You’re alone in space, cast out like a raft at sea, exposed to it like a dartboard to its darts, and you can no longer run away from your destiny and anything can happen. You can expect eagles or hawks to swoop down from the stars and cast themselves over you in a frenzy, because you’re the only thing in the whole world that’s soft, something a beak can sink into, something a talon can dig into; you can expect meteors or whatever to slit open your bare breast, naked in the face of eternity; but the only thing that happens is that space starts singing, space starts singing out of solitude. ‘The only thing’ — but no, it’s more than just ‘only’, it’s pretty horrible.

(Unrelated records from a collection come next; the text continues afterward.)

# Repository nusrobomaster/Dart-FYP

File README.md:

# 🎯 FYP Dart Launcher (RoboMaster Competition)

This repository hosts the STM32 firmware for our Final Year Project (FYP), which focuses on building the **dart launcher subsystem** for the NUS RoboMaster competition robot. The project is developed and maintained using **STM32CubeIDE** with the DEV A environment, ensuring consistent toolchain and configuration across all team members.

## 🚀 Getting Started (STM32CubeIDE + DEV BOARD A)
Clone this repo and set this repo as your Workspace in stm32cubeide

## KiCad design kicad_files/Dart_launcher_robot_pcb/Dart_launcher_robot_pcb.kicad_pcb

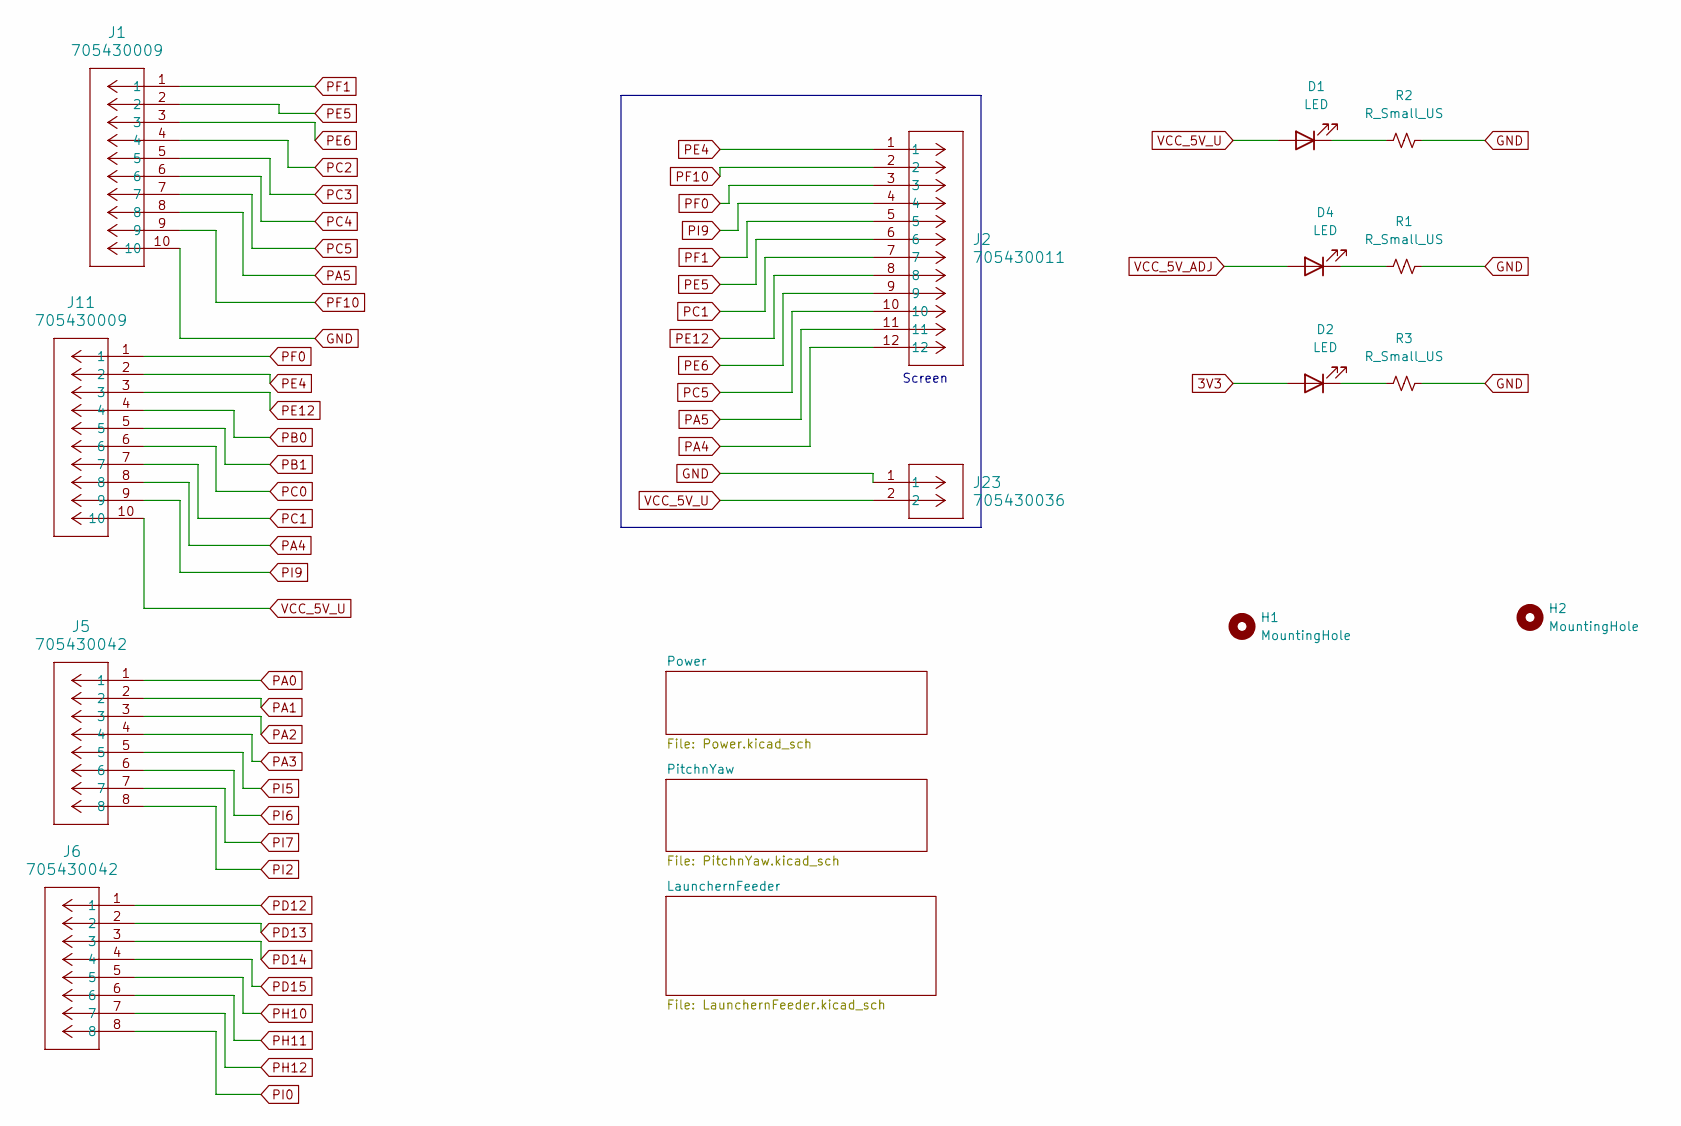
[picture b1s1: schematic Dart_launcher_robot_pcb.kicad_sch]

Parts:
D1, D2, D4: LED; LED_0805_2012Metric_Pad1.15x1.40mm_HandSolder
H1, H2: MountingHole; MountingHole_3.2mm_M3
J1, J11: 705430009; CONN_SDA-70543-xxxx_10_MOL
J2: 705430011; CONN_SDA-70543-xxxx_12_MOL
J5, J6: 705430042; CONN_SDA-70543-xxxx_08_MOL
J23: 705430036; CONN_SDA-70543-xxxx_02_MOL
R1, R2, R3: R_Small_US; R_0603_1608Metric_Pad0.98x0.95mm_HandSolder

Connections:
3V3: D2.2 (A); also elsewhere on the board
GND: J1.10, J23.1, R1.2, R2.2, R3.2; also elsewhere on the board
unnamed: D1.1 (K), R2.1
unnamed: D2.1 (K), R3.1
unnamed: D4.1 (K), R1.1
PA0: J5.1; also elsewhere on the board
PA1: J5.2; also elsewhere on the board
PA2: J5.3; also elsewhere on the board
PA3: J5.4; also elsewhere on the board
PA4: J2.12, J11.8
PA5: J1.8, J2.11
PB0: J11.4; also elsewhere on the board
PB1: J11.5; also elsewhere on the board
PC0: J11.6; also elsewhere on the board
PC1: J2.7, J11.7
PC2: J1.4
PC3: J1.5; also elsewhere on the board
PC4: J1.6; also elsewhere on the board
PC5: J1.7, J2.10
PD12: J6.1; also elsewhere on the board
PD13: J6.2; also elsewhere on the board
PD14: J6.3; also elsewhere on the board
PD15: J6.4; also elsewhere on the board
PE4: J2.1, J11.2
PE5: J1.2, J2.6
PE6: J1.3, J2.9
PE12: J2.8, J11.3
PF0: J2.3, J11.1
PF1: J1.1, J2.5
PF10: J1.9, J2.2
PH10: J6.5
PH11: J6.6
PH12: J6.7; also elsewhere on the board
PI0: J6.8; also elsewhere on the board
PI2: J5.8
PI5: J5.5; also elsewhere on the board
PI6: J5.6
PI7: J5.7
PI9: J2.4, J11.9
VCC_5V_ADJ: D4.2 (A); also elsewhere on the board
VCC_5V_U: D1.2 (A), J11.10, J23.2

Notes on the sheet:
Screen

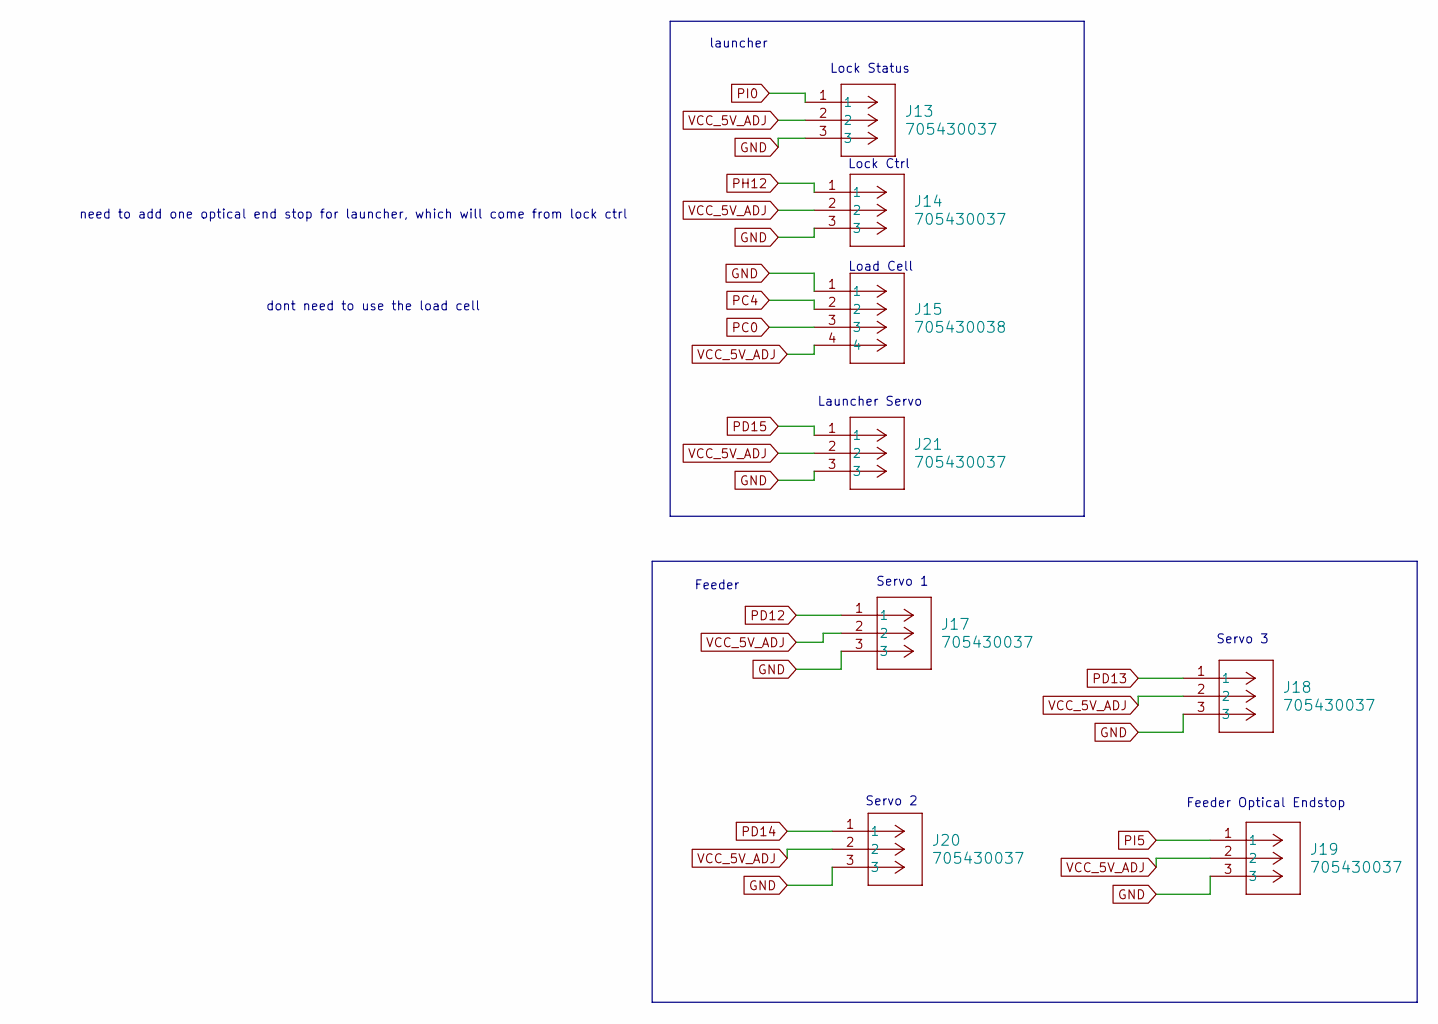
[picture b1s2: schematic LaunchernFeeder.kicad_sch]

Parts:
J13, J14, J17, J18, J19, J20, J21: 705430037; CONN_SDA-70543-xxxx_03_MOL
J15: 705430038; CONN_SDA-70543-xxxx_04_MOL

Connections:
GND: J13.3, J14.3, J15.1, J17.3, J18.3, J19.3, J20.3, J21.3; also elsewhere on the board
PC0: J15.3; also elsewhere on the board
PC4: J15.2; also elsewhere on the board
PD12: J17.1; also elsewhere on the board
PD13: J18.1; also elsewhere on the board
PD14: J20.1; also elsewhere on the board
PD15: J21.1; also elsewhere on the board
PH12: J14.1; also elsewhere on the board
PI0: J13.1; also elsewhere on the board
PI5: J19.1; also elsewhere on the board
VCC_5V_ADJ: J13.2, J14.2, J15.4, J17.2, J18.2, J19.2, J20.2, J21.2; also elsewhere on the board

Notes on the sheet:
Launcher Servo
Lock Ctrl
Servo 3
need to add one optical end stop for launcher, which will come from lock ctrl
launcher
Lock Status
Feeder
Servo 2
dont need to use the load cell
Load Cell
Servo 1
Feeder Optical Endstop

The odd song, you think you could no doubt put up with the odd song; but that’s not how it is: you can’t put up with it, you just have to. ‘Space’, that silly little concept you like playing around with when you’re out walking through the reeds and the trees, in parks or refrigeration plants, or sitting in your rocking chair watching the sky flickering over the top of the lilac hedge; space, the little lake where idyllic cloud boats glide along before the wind; space as it seems to be when you’re still in the little hole on earth where you were born, grew up, were ill-treated or ill-treated others and where you’re going to die any minute — that space is just a lie for anyone who has experienced properly this enormous, all-consuming, embittered solitude, stuck on to a shiny metal field and with nothing around you and above you but the most gigantic, the loneliest of all wildernesses, the whole of space, the true extent of which you never dared think about while you were living in your hole on earth: it’s like a bottomless well, and you lean further and further out in the hope of seeing water, of seeing something tangible instead of just this terrifying emptiness, and in the end you lean so far out, you fall, and then you fall and fall and fall for the whole of your life without experiencing anything but this endless falling and you die while you’re still falling and although you haven’t come to any sign of a bottom you’re annihilated while you’re still falling and gobbled up by the darkness after your pitiful failed effort at filling it with meaning, the meaning that comes from looking for a bottom.